This Sunday in our Gospel story we hear about the widows mite. Mark sharpens the lesson Jesus gives, by linking this incident with what he has to say about ‘scribes’ who ‘swallow the property of widows while making a show of lengthy prayers’. The situation of widows was insecure. The ‘scribes’, so often mentioned in the gospels, were interpreters of the Law of old Israel they were the lawyers of the day But beneath their exterior religious garb, they were rapacious and in many respects just didn’t give a damn as long as they had what they wanted. The widow, on the other hand, reveals the true religious practice of those who have little, but express great trust in God to provide for them.

Jesus makes a series of charges against the scribes. He criticises their habit of wearing distinctive dress, which marks them as different from others and is calculated to win people’s deference. He criticises their habit of taking the places of honour at religious and civil functions. He criticises their habit of long-winded prayers, made not to God but to their immediate audience. Finally, he denounces their practice of exploiting helpless widows by living off their savings.

In contrast to the counterfeit piety of the scribes, Jesus honours true piety in the generosity of the poor widow. The pious frauds who abused their religious status could take a lesson from a woman who had no status in their religion or society, a poor widow. The two small coins make up the total of her resources. She could have kept one. She doesn’t. Her generosity cannot be bettered. For Jesus, true generosity is measured not by what people give but by what they have left after they give. The poor widow leaves herself with nothing. She cannot give more, for she has nothing more to give. In Jesus’ estimation she is a mighty widow.

We, need to listen to Jesus’s words. We are tempted to preserve our systems and benefit from what they give us: standing in the community, predictability, stability and a blessing of the status quo. The church’s history also reveals how we have blessed armies that invaded and enslaved indigenous peoples, preached slavery and oppression. Our religious apparatus has tended to side more with Caesar and with the economic and political world that belongs to Caesar. Jesus condemns those individuals and institutions that benefit from the burdens put on the poor. He said previously in Mark (11:17) that the Temple had become a den of thieves and not a house of prayer.

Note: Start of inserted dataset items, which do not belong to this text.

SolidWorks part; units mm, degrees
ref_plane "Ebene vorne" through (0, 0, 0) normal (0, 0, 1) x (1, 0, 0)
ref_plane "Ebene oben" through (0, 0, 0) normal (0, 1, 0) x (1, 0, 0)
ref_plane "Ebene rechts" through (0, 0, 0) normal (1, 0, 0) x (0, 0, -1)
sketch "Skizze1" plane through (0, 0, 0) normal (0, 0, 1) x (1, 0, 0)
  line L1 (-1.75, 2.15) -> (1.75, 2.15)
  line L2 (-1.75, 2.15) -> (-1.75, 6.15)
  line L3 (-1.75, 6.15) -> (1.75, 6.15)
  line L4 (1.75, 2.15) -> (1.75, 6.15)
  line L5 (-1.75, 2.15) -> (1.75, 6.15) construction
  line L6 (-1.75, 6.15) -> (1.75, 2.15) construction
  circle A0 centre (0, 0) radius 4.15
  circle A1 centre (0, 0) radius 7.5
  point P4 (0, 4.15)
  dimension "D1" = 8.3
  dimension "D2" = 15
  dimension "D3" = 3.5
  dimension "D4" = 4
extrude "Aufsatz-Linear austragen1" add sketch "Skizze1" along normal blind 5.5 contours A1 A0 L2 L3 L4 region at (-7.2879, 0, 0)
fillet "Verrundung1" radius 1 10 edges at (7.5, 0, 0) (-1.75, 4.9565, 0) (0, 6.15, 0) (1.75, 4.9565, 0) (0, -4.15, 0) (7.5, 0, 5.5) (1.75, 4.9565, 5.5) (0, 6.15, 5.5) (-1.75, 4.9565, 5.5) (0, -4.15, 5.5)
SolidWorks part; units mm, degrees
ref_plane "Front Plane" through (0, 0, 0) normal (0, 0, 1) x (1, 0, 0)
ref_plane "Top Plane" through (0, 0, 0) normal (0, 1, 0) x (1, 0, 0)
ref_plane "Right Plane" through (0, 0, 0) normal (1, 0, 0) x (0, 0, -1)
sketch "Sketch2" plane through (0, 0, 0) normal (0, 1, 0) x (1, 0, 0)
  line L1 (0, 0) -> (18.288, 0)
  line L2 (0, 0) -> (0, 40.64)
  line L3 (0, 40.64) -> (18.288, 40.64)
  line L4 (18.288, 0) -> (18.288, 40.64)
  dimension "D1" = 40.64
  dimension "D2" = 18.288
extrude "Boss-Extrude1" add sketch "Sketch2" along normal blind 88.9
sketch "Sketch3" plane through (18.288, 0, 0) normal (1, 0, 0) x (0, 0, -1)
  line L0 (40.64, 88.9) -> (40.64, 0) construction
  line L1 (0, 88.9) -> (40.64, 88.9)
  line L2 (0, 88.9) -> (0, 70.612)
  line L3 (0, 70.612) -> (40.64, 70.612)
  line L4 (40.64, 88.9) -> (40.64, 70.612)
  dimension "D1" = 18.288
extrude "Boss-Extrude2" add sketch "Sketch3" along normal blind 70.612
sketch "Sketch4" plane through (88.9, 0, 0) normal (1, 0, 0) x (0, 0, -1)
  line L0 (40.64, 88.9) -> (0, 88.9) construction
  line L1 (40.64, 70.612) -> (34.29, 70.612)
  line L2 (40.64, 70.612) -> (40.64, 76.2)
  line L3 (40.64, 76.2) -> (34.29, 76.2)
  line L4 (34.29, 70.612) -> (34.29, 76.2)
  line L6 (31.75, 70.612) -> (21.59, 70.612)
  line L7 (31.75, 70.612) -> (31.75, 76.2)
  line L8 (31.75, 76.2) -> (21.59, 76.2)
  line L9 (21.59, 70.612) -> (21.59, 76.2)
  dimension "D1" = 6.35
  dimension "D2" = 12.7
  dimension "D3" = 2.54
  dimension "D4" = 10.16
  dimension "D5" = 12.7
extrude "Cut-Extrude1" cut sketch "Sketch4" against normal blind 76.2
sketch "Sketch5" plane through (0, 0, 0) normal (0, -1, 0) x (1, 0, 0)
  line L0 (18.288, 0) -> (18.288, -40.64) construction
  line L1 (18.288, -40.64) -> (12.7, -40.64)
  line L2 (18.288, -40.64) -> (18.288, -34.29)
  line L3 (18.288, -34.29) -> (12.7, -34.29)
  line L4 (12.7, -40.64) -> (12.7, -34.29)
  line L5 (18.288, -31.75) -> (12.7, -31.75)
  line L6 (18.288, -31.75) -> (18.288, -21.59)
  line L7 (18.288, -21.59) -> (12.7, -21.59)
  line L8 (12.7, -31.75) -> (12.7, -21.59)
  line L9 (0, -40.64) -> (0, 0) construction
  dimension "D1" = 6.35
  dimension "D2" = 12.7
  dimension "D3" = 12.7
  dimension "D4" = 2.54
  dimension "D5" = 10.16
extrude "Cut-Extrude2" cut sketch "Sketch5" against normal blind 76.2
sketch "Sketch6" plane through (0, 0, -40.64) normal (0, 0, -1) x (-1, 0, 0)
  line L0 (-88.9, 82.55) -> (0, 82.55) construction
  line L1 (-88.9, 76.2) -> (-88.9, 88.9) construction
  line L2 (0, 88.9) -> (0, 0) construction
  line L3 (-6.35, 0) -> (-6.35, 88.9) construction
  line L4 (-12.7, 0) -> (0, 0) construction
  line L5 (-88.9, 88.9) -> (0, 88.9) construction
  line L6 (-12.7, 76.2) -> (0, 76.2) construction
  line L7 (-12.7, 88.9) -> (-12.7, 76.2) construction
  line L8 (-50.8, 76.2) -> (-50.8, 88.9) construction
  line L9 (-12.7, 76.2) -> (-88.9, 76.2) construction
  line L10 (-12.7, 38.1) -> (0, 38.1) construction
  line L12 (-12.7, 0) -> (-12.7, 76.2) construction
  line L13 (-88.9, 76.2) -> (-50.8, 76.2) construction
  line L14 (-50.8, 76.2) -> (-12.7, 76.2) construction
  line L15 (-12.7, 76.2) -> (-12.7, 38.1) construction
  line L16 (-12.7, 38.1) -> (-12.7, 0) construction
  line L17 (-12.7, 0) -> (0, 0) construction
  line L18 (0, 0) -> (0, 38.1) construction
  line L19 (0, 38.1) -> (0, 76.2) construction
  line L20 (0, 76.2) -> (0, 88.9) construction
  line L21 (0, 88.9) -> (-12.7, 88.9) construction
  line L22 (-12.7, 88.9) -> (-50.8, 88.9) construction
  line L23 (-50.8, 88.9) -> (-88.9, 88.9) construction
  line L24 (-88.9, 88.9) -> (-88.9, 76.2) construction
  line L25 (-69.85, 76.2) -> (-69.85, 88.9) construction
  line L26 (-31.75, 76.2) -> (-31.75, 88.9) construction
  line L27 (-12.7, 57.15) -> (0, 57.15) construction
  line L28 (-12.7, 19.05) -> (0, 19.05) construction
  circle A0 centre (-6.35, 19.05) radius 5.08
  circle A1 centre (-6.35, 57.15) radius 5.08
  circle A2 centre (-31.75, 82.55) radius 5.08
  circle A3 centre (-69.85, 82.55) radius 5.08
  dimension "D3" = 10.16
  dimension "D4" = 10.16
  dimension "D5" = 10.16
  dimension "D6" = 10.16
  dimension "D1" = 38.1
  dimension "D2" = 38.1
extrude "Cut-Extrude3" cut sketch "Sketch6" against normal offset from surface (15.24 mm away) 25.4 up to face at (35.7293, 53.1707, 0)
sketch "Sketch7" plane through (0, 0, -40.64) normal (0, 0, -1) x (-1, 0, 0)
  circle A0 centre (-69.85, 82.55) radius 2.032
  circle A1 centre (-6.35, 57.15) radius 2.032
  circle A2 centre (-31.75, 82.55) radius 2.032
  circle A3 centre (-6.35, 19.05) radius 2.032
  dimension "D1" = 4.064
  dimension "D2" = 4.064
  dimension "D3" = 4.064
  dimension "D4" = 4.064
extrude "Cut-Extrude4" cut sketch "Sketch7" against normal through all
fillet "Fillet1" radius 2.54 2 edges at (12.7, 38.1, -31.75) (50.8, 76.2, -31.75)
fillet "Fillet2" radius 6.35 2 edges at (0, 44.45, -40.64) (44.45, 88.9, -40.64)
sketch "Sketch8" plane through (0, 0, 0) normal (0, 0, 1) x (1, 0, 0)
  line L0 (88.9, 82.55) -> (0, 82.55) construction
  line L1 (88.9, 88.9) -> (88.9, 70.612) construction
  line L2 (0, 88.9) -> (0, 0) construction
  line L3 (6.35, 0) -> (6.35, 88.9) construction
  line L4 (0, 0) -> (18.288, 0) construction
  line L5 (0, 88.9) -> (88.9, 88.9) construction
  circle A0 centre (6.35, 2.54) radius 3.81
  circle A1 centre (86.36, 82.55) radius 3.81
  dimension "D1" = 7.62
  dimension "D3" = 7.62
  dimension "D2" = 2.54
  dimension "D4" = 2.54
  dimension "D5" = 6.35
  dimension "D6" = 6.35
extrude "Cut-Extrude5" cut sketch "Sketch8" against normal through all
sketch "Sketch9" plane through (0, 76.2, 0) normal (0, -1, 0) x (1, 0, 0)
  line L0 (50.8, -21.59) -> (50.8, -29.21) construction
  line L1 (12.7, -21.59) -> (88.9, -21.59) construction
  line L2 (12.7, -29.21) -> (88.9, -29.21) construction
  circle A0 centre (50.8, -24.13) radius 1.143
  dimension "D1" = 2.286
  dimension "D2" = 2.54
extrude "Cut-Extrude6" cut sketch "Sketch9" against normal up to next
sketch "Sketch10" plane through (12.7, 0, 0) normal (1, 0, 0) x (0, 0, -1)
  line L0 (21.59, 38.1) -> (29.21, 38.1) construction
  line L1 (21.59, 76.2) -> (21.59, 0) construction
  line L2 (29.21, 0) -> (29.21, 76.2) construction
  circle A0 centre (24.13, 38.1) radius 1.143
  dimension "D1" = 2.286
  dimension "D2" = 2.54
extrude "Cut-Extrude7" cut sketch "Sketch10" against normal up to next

He predicted it would all come tumbling down.  Today’s passage illustrates why this destruction was inevitable, because those in the temple were corrupt. Every day demands are made on us. We are called on to be generous with our love, our forgiveness, our patience, our resources. The good news is that when we do that out of love, Jesus will be our constant support through the good and bad and happy and sad times which we often find ourselves in.